Endocrinologist Sunil J Wimalawansa provides evidence that vitamin D levels >50 ng/mL are needed for a robust immune system and for reducing COVID-19 complications and mortality.
Research on breast cancer hints at higher levels being beneficial, with one study that pooled two randomized clinical trials and a prospective cohort found women with vitamin D levels >60 ng/ml had 82% reduced risk compared to those with vitamin D levels of <20 ng/mL.

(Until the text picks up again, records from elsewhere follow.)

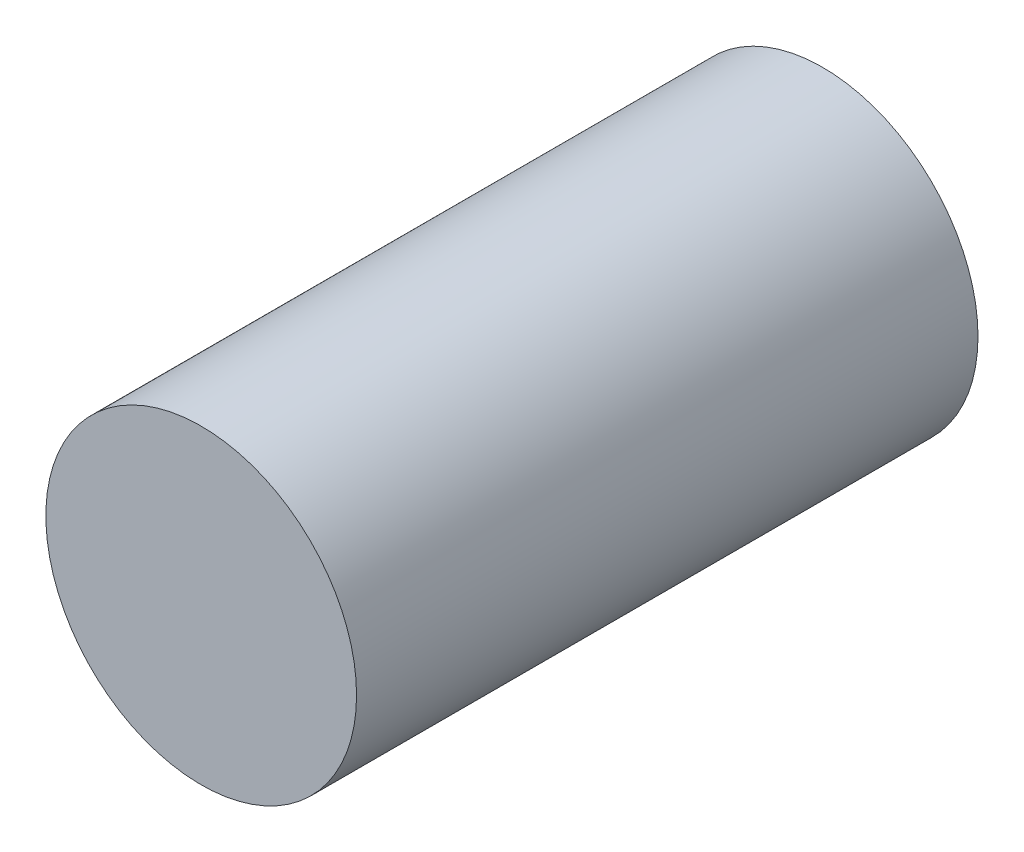
ISO-10303-21;
HEADER;
FILE_DESCRIPTION(('STEP AP214'),'2;1');
FILE_NAME('part.step','',(''),(''),'','','');
FILE_SCHEMA(('AUTOMOTIVE_DESIGN { 1 0 10303 214 1 1 1 1 }'));
ENDSEC;
DATA;
#1=APPLICATION_CONTEXT('core data for automotive mechanical design processes');
#2=APPLICATION_PROTOCOL_DEFINITION('international standard','automotive_design',2000,#1);
#3=PRODUCT_CONTEXT('',#1,'mechanical');
#4=PRODUCT('Part','Part','',(#3));
#5=PRODUCT_RELATED_PRODUCT_CATEGORY('part','',(#4));
#6=PRODUCT_DEFINITION_FORMATION('','',#4);
#7=PRODUCT_DEFINITION_CONTEXT('part definition',#1,'design');
#8=PRODUCT_DEFINITION('design','',#6,#7);
#9=PRODUCT_DEFINITION_SHAPE('','',#8);
#10=(LENGTH_UNIT() NAMED_UNIT(*) SI_UNIT(.MILLI.,.METRE.));
#11=(NAMED_UNIT(*) PLANE_ANGLE_UNIT() SI_UNIT($,.RADIAN.));
#12=(NAMED_UNIT(*) SI_UNIT($,.STERADIAN.) SOLID_ANGLE_UNIT());
#13=UNCERTAINTY_MEASURE_WITH_UNIT(LENGTH_MEASURE(1.E-05),#10,'distance_accuracy_value','');
#14=(GEOMETRIC_REPRESENTATION_CONTEXT(3) GLOBAL_UNCERTAINTY_ASSIGNED_CONTEXT((#13)) GLOBAL_UNIT_ASSIGNED_CONTEXT((#10,
#11,#12)) REPRESENTATION_CONTEXT('',''));
#15=CARTESIAN_POINT('',(0.,0.,0.));
#16=DIRECTION('',(0.,0.,1.));
#17=DIRECTION('',(1.,0.,0.));
#18=AXIS2_PLACEMENT_3D('',#15,#16,#17);
#19=CARTESIAN_POINT('',(0.,0.,10.));
#20=DIRECTION('',(0.,0.,-1.));
#21=DIRECTION('',(-1.,0.,0.));
#22=AXIS2_PLACEMENT_3D('',#19,#20,#21);
#23=CYLINDRICAL_SURFACE('',#22,2.5);
#24=CARTESIAN_POINT('',(0.,0.,10.));
#25=DIRECTION('',(0.,0.,1.));
#26=DIRECTION('',(1.,0.,0.));
#27=AXIS2_PLACEMENT_3D('',#24,#25,#26);
#28=CIRCLE('',#27,2.5);
#29=CARTESIAN_POINT('',(2.5,0.,10.));
#30=VERTEX_POINT('',#29);
#31=EDGE_CURVE('E11',#30,#30,#28,.T.);
#32=ORIENTED_EDGE('',*,*,#31,.F.);
#33=EDGE_LOOP('',(#32));
#34=FACE_BOUND('',#33,.T.);
#35=CARTESIAN_POINT('',(0.,0.,0.));
#36=DIRECTION('',(0.,0.,1.));
#37=DIRECTION('',(1.,0.,0.));
#38=AXIS2_PLACEMENT_3D('',#35,#36,#37);
#39=CIRCLE('',#38,2.5);
#40=CARTESIAN_POINT('',(2.5,0.,0.));
#41=VERTEX_POINT('',#40);
#42=EDGE_CURVE('E48',#41,#41,#39,.T.);
#43=ORIENTED_EDGE('',*,*,#42,.T.);
#44=EDGE_LOOP('',(#43));
#45=FACE_BOUND('',#44,.T.);
#46=ADVANCED_FACE('F45',(#34,#45),#23,.T.);
#47=CARTESIAN_POINT('',(0.,0.,10.));
#48=DIRECTION('',(0.,0.,1.));
#49=DIRECTION('',(1.,0.,0.));
#50=AXIS2_PLACEMENT_3D('',#47,#48,#49);
#51=PLANE('',#50);
#52=ORIENTED_EDGE('',*,*,#31,.T.);
#53=EDGE_LOOP('',(#52));
#54=FACE_BOUND('',#53,.T.);
#55=ADVANCED_FACE('F105',(#54),#51,.T.);
#56=CARTESIAN_POINT('',(0.,0.,0.));
#57=DIRECTION('',(0.,0.,1.));
#58=DIRECTION('',(1.,0.,0.));
#59=AXIS2_PLACEMENT_3D('',#56,#57,#58);
#60=PLANE('',#59);
#61=DIRECTION('',(1.,0.,0.));
#62=VECTOR('',#61,1.);
#63=CARTESIAN_POINT('',(1.03663542289466,1.254,0.));
#64=LINE('',#63,#62);
#65=CARTESIAN_POINT('',(-1.03663542289466,1.254,0.));
#66=VERTEX_POINT('',#65);
#67=CARTESIAN_POINT('',(1.03663542289466,1.254,0.));
#68=VERTEX_POINT('',#67);
#69=EDGE_CURVE('E80',#66,#68,#64,.T.);
#70=ORIENTED_EDGE('',*,*,#69,.F.);
#71=CARTESIAN_POINT('',(0.,0.,0.));
#72=DIRECTION('',(0.,0.,-1.));
#73=DIRECTION('',(-1.,0.,0.));
#74=AXIS2_PLACEMENT_3D('',#71,#72,#73);
#75=CIRCLE('',#74,1.627);
#76=EDGE_CURVE('E60',#68,#66,#75,.T.);
#77=ORIENTED_EDGE('',*,*,#76,.F.);
#78=EDGE_LOOP('',(#70,#77));
#79=FACE_BOUND('',#78,.T.);
#80=ORIENTED_EDGE('',*,*,#42,.F.);
#81=EDGE_LOOP('',(#80));
#82=FACE_BOUND('',#81,.T.);
#83=ADVANCED_FACE('F85',(#79,#82),#60,.F.);
#84=CARTESIAN_POINT('',(0.,0.,9.));
#85=DIRECTION('',(0.,0.,-1.));
#86=DIRECTION('',(-1.,0.,0.));
#87=AXIS2_PLACEMENT_3D('',#84,#85,#86);
#88=CYLINDRICAL_SURFACE('',#87,1.627);
#89=ORIENTED_EDGE('',*,*,#76,.T.);
#90=DIRECTION('',(0.,0.,-1.));
#91=VECTOR('',#90,1.);
#92=CARTESIAN_POINT('',(-1.03663542289466,1.254,9.));
#93=LINE('',#92,#91);
#94=CARTESIAN_POINT('',(-1.03663542289466,1.254,9.));
#95=VERTEX_POINT('',#94);
#96=EDGE_CURVE('E77',#95,#66,#93,.T.);
#97=ORIENTED_EDGE('',*,*,#96,.F.);
#98=CARTESIAN_POINT('',(0.,0.,9.));
#99=DIRECTION('',(0.,0.,-1.));
#100=DIRECTION('',(-1.,0.,0.));
#101=AXIS2_PLACEMENT_3D('',#98,#99,#100);
#102=CIRCLE('',#101,1.627);
#103=CARTESIAN_POINT('',(1.03663542289466,1.254,9.));
#104=VERTEX_POINT('',#103);
#105=EDGE_CURVE('E74',#104,#95,#102,.T.);
#106=ORIENTED_EDGE('',*,*,#105,.F.);
#107=DIRECTION('',(0.,0.,-1.));
#108=VECTOR('',#107,1.);
#109=CARTESIAN_POINT('',(1.03663542289466,1.254,9.));
#110=LINE('',#109,#108);
#111=EDGE_CURVE('E68',#104,#68,#110,.T.);
#112=ORIENTED_EDGE('',*,*,#111,.T.);
#113=EDGE_LOOP('',(#89,#97,#106,#112));
#114=FACE_BOUND('',#113,.T.);
#115=ADVANCED_FACE('F72',(#114),#88,.F.);
#116=CARTESIAN_POINT('',(1.03663542289466,1.254,9.));
#117=DIRECTION('',(0.,1.,0.));
#118=DIRECTION('',(0.,0.,1.));
#119=AXIS2_PLACEMENT_3D('',#116,#117,#118);
#120=PLANE('',#119);
#121=ORIENTED_EDGE('',*,*,#69,.T.);
#122=ORIENTED_EDGE('',*,*,#111,.F.);
#123=DIRECTION('',(1.,0.,0.));
#124=VECTOR('',#123,1.);
#125=CARTESIAN_POINT('',(1.03663542289466,1.254,9.));
#126=LINE('',#125,#124);
#127=EDGE_CURVE('E90',#95,#104,#126,.T.);
#128=ORIENTED_EDGE('',*,*,#127,.F.);
#129=ORIENTED_EDGE('',*,*,#96,.T.);
#130=EDGE_LOOP('',(#121,#122,#128,#129));
#131=FACE_BOUND('',#130,.T.);
#132=ADVANCED_FACE('F81',(#131),#120,.F.);
#133=CARTESIAN_POINT('',(0.,0.,9.));
#134=DIRECTION('',(0.,0.,-1.));
#135=DIRECTION('',(-1.,0.,0.));
#136=AXIS2_PLACEMENT_3D('',#133,#134,#135);
#137=PLANE('',#136);
#138=ORIENTED_EDGE('',*,*,#105,.T.);
#139=ORIENTED_EDGE('',*,*,#127,.T.);
#140=EDGE_LOOP('',(#138,#139));
#141=FACE_BOUND('',#140,.T.);
#142=ADVANCED_FACE('F97',(#141),#137,.T.);
#143=CLOSED_SHELL('',(#46,#55,#83,#115,#132,#142));
#144=MANIFOLD_SOLID_BREP('B2',#143);
#145=ADVANCED_BREP_SHAPE_REPRESENTATION('',(#18,#144),#14);
#146=SHAPE_DEFINITION_REPRESENTATION(#9,#145);
ENDSEC;
END-ISO-10303-21;

A recent review details how protection may vary per condition with >30 ng/mL found for heart disease and overall mortality, >40 ng/mL for hypertension and preterm delivery, and >50 ng/mL for diabetes and the immune system.
It’s Time to Get Answers!
This latest study on vitamin D doesn’t tell us to forget about supplements. It tells us we need a nutrition study overhaul.
Bolland and colleagues estimated there to be 69% waste in vitamin D studies in bone health alone, with 36% lacking novelty and another 33% adding no new clinical knowledge. We can do better than this.
In 2022, perhaps more than ever, it’s vitally important that we get vitamin D public health recommendations right. We need studies that are better designed and equipped to find answers.
Any researchers up for the challenge?